Прочитав статьи, Толстой на миг засомневался («Я жалею, что не писал»), но потом оправдал себя тем, что времени на все не хватит, а кроме того, «мои интересы – не политические»831. В конфликтах нужно выступать не в роли судьи, а способствовать прощению и примирению832.
Толстой так никогда и не встретился с Бьёрнсоном. Но с ним встречалась Татьяна во время пребывания в Риме в начале 1908 года. В феврале она писала матери: «Бьёрнсону 75 лет; бодрый, красивый старик. По взглядам он, кажется, материалист». Татьяна познакомилась и с супругой («очень благообразная белокурая немолодая женщина, но совершенно глухая»)833. Дочь Берглиот, жена сына Ибсена, талантливая певица, зимой того же года давала два концерта в Риме. Уже дома Татьяна рассказывала о впечатлениях от встреч с Бьёрнсоном более подробно: «Рослый, свежий старик, очень приятный. Говорил, что не верит в священные книги, что не верит ни во что, кроме как в науку, поэзию»834. Религия Толстого вызывала у Бьёрнсона любопытство, и между ним и Татьяной Львовной состоялся следующий разговор: «Et votre père, croit-il à Dieu?» – «Oui, et je pense que vous croyez aussi». – «Moi? Jamais. Ni à toutes ces choses saintes ni à la vie future». – «Mais d’ oû prenez-vous la morale? Vous êtes dans vos ouvrages pour la morale». – «Pour être heureux dans la vie matérielle on doit être honnête et bon»835. Валентин Булгаков в воспоминаниях рассказывает, что разговор закончился так: «То есть все заканчивается, когда человек умирает? Ничего не остается? – Ничего не остается»836.
Толстой неожиданно прокомментировал: «Бьёрнсон никогда для меня не представлял величины». Единственным из ныне живущих европейских писателей, кого он признавал, был Анатоль Франс. «Ты его ценил: помнишь „Перчатку“?» – возразила Татьяна. «Ах, как же, помню, – ответил Толстой и добавил: – Тоже посредственное второго, третьего разряда»837. Пианисту Гольденвейзеру, постоянному гостю дома, пришлось напомнить Толстому о брошюре «Engifte og Mangegifte», с благодарностью принятой однажды.

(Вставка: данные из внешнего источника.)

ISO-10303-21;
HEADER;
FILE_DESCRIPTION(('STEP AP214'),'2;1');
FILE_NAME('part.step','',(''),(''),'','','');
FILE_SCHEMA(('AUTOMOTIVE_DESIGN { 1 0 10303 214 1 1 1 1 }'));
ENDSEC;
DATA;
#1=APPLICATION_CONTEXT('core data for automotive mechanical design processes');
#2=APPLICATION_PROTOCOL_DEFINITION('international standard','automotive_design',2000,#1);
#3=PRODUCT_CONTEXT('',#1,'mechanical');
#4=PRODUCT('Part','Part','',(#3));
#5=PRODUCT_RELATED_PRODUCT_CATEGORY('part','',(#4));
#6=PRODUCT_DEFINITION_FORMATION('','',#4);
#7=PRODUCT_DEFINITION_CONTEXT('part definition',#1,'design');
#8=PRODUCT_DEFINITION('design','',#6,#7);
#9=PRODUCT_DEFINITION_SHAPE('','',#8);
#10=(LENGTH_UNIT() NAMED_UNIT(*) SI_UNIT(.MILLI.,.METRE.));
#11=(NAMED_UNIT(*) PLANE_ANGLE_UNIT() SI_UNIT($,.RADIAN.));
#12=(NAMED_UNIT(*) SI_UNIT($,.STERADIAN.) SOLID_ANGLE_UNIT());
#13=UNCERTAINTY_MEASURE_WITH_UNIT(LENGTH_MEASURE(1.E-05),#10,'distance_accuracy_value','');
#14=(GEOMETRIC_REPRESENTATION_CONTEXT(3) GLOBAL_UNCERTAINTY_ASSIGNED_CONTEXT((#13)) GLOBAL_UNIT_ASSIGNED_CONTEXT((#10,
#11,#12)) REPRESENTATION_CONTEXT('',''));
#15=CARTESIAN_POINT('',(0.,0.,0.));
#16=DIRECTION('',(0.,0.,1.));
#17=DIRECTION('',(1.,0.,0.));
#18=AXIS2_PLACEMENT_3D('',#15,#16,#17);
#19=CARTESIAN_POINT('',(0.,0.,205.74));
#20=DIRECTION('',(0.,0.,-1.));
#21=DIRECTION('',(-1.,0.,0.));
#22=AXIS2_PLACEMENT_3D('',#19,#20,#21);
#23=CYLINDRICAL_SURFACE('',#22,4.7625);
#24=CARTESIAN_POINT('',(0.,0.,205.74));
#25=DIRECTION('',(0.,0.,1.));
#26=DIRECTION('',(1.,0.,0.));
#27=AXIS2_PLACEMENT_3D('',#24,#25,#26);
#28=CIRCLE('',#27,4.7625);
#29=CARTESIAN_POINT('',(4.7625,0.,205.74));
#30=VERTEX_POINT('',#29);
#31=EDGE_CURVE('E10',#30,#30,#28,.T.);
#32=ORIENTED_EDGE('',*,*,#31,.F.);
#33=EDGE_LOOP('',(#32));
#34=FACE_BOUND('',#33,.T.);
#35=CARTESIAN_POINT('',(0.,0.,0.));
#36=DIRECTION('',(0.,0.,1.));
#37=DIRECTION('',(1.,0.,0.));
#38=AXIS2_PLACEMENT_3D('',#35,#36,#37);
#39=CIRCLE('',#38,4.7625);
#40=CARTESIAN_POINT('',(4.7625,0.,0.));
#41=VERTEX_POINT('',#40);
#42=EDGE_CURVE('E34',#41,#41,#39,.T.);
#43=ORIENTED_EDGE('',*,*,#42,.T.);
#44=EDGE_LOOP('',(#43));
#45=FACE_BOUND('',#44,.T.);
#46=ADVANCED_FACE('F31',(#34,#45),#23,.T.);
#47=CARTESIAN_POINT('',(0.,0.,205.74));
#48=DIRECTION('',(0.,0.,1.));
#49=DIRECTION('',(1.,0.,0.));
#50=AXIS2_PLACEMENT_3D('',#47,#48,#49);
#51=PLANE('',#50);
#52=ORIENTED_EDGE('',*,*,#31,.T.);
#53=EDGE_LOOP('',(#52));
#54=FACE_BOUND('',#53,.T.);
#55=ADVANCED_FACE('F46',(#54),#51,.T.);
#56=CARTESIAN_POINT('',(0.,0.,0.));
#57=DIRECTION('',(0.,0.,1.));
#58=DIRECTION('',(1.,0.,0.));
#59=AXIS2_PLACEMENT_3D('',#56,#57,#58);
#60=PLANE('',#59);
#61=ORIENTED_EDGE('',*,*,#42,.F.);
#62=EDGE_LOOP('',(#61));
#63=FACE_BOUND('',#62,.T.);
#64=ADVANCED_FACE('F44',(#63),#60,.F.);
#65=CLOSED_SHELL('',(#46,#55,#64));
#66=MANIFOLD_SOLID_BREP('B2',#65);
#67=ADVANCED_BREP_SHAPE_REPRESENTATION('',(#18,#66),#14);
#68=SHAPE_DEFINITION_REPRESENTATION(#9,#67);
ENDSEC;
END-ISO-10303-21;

В августе того же года Толстому исполнилось восемьдесят. В связи с юбилеем редакция журнала «Русская мысль» решила опубликовать специальный номер с высказываниями европейских писателей. Одним из них был Бьёрнсон, отправивший Ганзену для перевода свое поздравление:
Я полюбил Толстого и восхищаюсь им с тех пор, как впервые прочел его вещь – описание природы838. Я не разделяю ни его религиозных верований, ни до определенной степени его взглядов на различные факты жизни, но это отнюдь не умаляет ни моей любви, ни моего восхищения. Стремление же его я разделяю полностью, и он, стоя головою выше русской современности, раздираемой дикой революцией и жестокой реакцией, олицетворяет для меня окончательное будущее России839.